━━━ Data under study

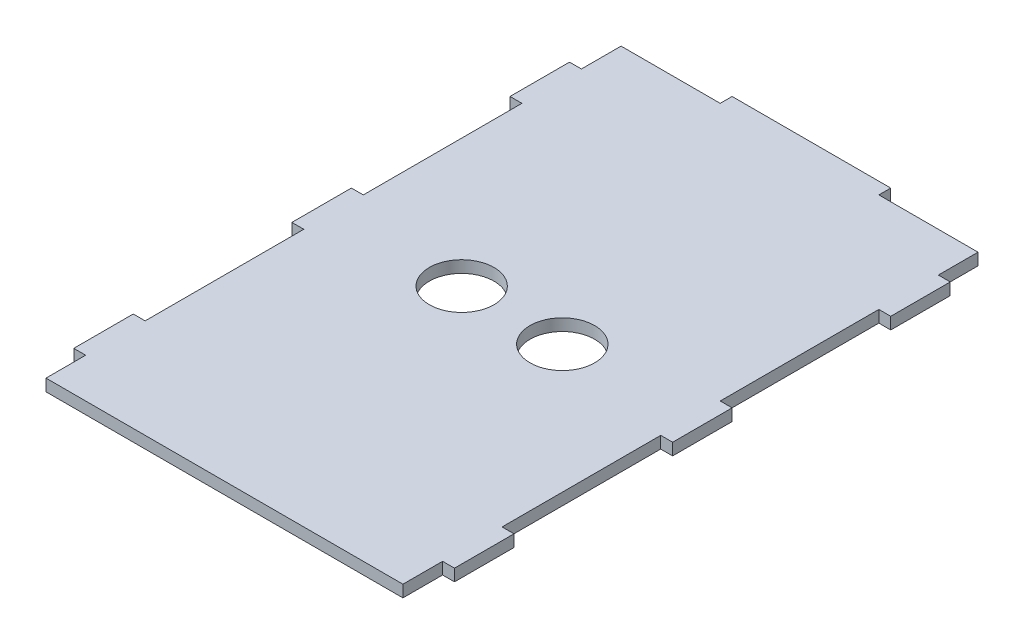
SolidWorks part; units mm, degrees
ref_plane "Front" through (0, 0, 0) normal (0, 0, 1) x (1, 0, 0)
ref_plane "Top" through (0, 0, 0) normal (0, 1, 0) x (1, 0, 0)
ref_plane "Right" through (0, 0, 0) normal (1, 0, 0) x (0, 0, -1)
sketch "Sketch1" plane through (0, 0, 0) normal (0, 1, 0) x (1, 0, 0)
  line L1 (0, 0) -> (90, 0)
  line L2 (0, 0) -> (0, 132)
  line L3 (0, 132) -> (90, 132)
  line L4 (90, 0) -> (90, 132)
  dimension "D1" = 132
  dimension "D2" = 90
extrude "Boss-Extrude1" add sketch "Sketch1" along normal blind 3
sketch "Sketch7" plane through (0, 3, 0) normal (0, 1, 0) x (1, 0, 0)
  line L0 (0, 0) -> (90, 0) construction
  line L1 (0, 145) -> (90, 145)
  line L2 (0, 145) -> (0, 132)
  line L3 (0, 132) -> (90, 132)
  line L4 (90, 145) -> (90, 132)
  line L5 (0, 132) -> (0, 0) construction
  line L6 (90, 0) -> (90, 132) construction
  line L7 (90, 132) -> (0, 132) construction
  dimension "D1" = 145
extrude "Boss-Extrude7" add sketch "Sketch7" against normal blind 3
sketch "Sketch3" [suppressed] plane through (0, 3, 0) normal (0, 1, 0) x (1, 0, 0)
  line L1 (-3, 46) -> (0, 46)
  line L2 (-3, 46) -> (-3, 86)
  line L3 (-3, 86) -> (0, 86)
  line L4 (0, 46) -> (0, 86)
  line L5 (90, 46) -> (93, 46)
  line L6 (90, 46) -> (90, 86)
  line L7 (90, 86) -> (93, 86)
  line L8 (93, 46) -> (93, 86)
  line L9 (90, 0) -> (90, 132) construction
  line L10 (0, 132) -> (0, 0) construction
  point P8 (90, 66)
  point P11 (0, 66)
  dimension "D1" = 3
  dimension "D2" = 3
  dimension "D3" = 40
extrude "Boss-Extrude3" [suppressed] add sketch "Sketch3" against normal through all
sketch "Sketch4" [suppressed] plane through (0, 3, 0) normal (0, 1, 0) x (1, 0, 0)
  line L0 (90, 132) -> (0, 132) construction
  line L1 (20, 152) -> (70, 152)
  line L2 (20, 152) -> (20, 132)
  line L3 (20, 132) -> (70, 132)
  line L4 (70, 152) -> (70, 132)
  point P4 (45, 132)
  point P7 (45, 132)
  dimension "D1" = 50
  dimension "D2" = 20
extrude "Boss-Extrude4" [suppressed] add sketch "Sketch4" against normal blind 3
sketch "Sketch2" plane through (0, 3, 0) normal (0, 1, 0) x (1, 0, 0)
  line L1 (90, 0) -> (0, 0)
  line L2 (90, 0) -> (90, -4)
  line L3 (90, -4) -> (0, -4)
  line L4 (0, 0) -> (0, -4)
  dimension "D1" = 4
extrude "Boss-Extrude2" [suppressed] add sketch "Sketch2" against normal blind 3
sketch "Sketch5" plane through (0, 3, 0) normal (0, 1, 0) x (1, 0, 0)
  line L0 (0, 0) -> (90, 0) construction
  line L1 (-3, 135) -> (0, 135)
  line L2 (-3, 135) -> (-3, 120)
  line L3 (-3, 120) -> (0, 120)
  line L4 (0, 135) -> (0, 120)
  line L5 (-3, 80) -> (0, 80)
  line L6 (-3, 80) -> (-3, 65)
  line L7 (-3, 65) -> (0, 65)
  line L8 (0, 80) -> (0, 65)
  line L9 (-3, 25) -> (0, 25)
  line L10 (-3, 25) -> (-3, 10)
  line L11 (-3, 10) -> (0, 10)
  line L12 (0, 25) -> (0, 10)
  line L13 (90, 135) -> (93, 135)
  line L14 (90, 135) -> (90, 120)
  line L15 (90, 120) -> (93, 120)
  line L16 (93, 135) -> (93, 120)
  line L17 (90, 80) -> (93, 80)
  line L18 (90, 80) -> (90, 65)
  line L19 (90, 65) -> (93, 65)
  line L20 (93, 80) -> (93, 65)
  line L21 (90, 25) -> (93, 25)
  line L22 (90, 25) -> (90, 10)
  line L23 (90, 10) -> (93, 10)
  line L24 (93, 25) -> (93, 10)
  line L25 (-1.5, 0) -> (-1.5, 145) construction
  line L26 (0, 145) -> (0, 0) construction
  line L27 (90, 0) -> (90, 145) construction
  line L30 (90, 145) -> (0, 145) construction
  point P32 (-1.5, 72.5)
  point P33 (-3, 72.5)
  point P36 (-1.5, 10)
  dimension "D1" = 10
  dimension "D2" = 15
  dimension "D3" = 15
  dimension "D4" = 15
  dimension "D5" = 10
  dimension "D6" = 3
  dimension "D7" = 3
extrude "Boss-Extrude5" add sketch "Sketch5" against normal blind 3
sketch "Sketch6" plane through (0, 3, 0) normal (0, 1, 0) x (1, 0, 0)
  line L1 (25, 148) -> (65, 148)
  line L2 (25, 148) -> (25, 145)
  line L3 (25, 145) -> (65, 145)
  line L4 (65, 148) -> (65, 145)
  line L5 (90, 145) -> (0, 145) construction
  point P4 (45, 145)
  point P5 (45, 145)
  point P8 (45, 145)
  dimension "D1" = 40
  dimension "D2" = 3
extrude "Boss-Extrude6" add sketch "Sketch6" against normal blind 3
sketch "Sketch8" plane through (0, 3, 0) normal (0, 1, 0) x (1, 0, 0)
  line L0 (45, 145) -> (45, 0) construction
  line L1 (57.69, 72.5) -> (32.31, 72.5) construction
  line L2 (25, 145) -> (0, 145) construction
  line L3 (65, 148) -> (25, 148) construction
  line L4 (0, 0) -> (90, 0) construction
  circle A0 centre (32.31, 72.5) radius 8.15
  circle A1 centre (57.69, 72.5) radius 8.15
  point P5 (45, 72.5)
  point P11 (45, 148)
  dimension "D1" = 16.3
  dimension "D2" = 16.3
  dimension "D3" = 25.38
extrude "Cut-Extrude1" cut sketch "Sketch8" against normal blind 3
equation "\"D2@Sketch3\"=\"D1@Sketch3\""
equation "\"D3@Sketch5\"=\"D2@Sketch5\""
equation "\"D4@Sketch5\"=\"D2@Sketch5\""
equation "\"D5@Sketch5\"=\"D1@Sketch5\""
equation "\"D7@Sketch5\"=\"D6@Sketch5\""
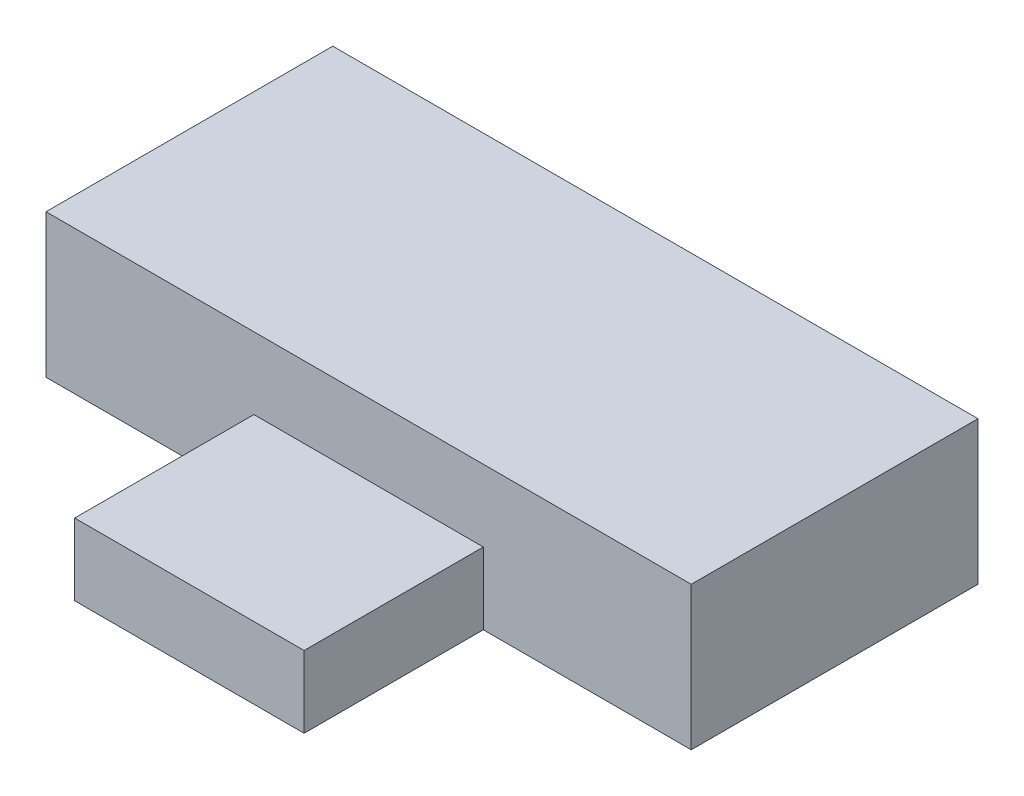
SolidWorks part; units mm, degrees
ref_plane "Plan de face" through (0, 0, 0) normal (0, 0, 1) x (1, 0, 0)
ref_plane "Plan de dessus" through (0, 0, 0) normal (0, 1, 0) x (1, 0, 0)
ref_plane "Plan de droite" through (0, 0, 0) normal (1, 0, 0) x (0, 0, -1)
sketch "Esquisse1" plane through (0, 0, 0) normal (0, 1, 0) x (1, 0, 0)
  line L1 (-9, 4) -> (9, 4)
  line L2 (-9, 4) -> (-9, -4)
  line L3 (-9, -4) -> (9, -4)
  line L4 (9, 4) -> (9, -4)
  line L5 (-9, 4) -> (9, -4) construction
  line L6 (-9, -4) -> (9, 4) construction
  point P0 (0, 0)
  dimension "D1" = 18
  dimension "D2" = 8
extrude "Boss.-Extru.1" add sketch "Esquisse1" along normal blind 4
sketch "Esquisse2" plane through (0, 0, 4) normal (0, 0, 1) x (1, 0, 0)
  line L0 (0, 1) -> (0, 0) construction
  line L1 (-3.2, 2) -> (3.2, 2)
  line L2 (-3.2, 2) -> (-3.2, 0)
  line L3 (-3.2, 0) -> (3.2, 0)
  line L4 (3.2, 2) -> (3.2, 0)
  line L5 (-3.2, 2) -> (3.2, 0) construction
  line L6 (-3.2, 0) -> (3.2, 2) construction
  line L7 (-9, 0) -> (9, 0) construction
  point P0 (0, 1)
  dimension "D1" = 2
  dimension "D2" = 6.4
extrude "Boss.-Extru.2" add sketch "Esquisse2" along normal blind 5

━━━━━━

With pictures omitted, repeat the entries above word for word from the line holding "point P8 (45, 145)" down to the line holding "line L1 (-3.2, 2) -> (3.2, 2)", keeping both of those lines.

  point P8 (45, 145)
  dimension "D1" = 40
  dimension "D2" = 3
extrude "Boss-Extrude6" add sketch "Sketch6" against normal blind 3
sketch "Sketch8" plane through (0, 3, 0) normal (0, 1, 0) x (1, 0, 0)
  line L0 (45, 145) -> (45, 0) construction
  line L1 (57.69, 72.5) -> (32.31, 72.5) construction
  line L2 (25, 145) -> (0, 145) construction
  line L3 (65, 148) -> (25, 148) construction
  line L4 (0, 0) -> (90, 0) construction
  circle A0 centre (32.31, 72.5) radius 8.15
  circle A1 centre (57.69, 72.5) radius 8.15
  point P5 (45, 72.5)
  point P11 (45, 148)
  dimension "D1" = 16.3
  dimension "D2" = 16.3
  dimension "D3" = 25.38
extrude "Cut-Extrude1" cut sketch "Sketch8" against normal blind 3
equation "\"D2@Sketch3\"=\"D1@Sketch3\""
equation "\"D3@Sketch5\"=\"D2@Sketch5\""
equation "\"D4@Sketch5\"=\"D2@Sketch5\""
equation "\"D5@Sketch5\"=\"D1@Sketch5\""
equation "\"D7@Sketch5\"=\"D6@Sketch5\""
SolidWorks part; units mm, degrees
ref_plane "Plan de face" through (0, 0, 0) normal (0, 0, 1) x (1, 0, 0)
ref_plane "Plan de dessus" through (0, 0, 0) normal (0, 1, 0) x (1, 0, 0)
ref_plane "Plan de droite" through (0, 0, 0) normal (1, 0, 0) x (0, 0, -1)
sketch "Esquisse1" plane through (0, 0, 0) normal (0, 1, 0) x (1, 0, 0)
  line L1 (-9, 4) -> (9, 4)
  line L2 (-9, 4) -> (-9, -4)
  line L3 (-9, -4) -> (9, -4)
  line L4 (9, 4) -> (9, -4)
  line L5 (-9, 4) -> (9, -4) construction
  line L6 (-9, -4) -> (9, 4) construction
  point P0 (0, 0)
  dimension "D1" = 18
  dimension "D2" = 8
extrude "Boss.-Extru.1" add sketch "Esquisse1" along normal blind 4
sketch "Esquisse2" plane through (0, 0, 4) normal (0, 0, 1) x (1, 0, 0)
  line L0 (0, 1) -> (0, 0) construction
  line L1 (-3.2, 2) -> (3.2, 2)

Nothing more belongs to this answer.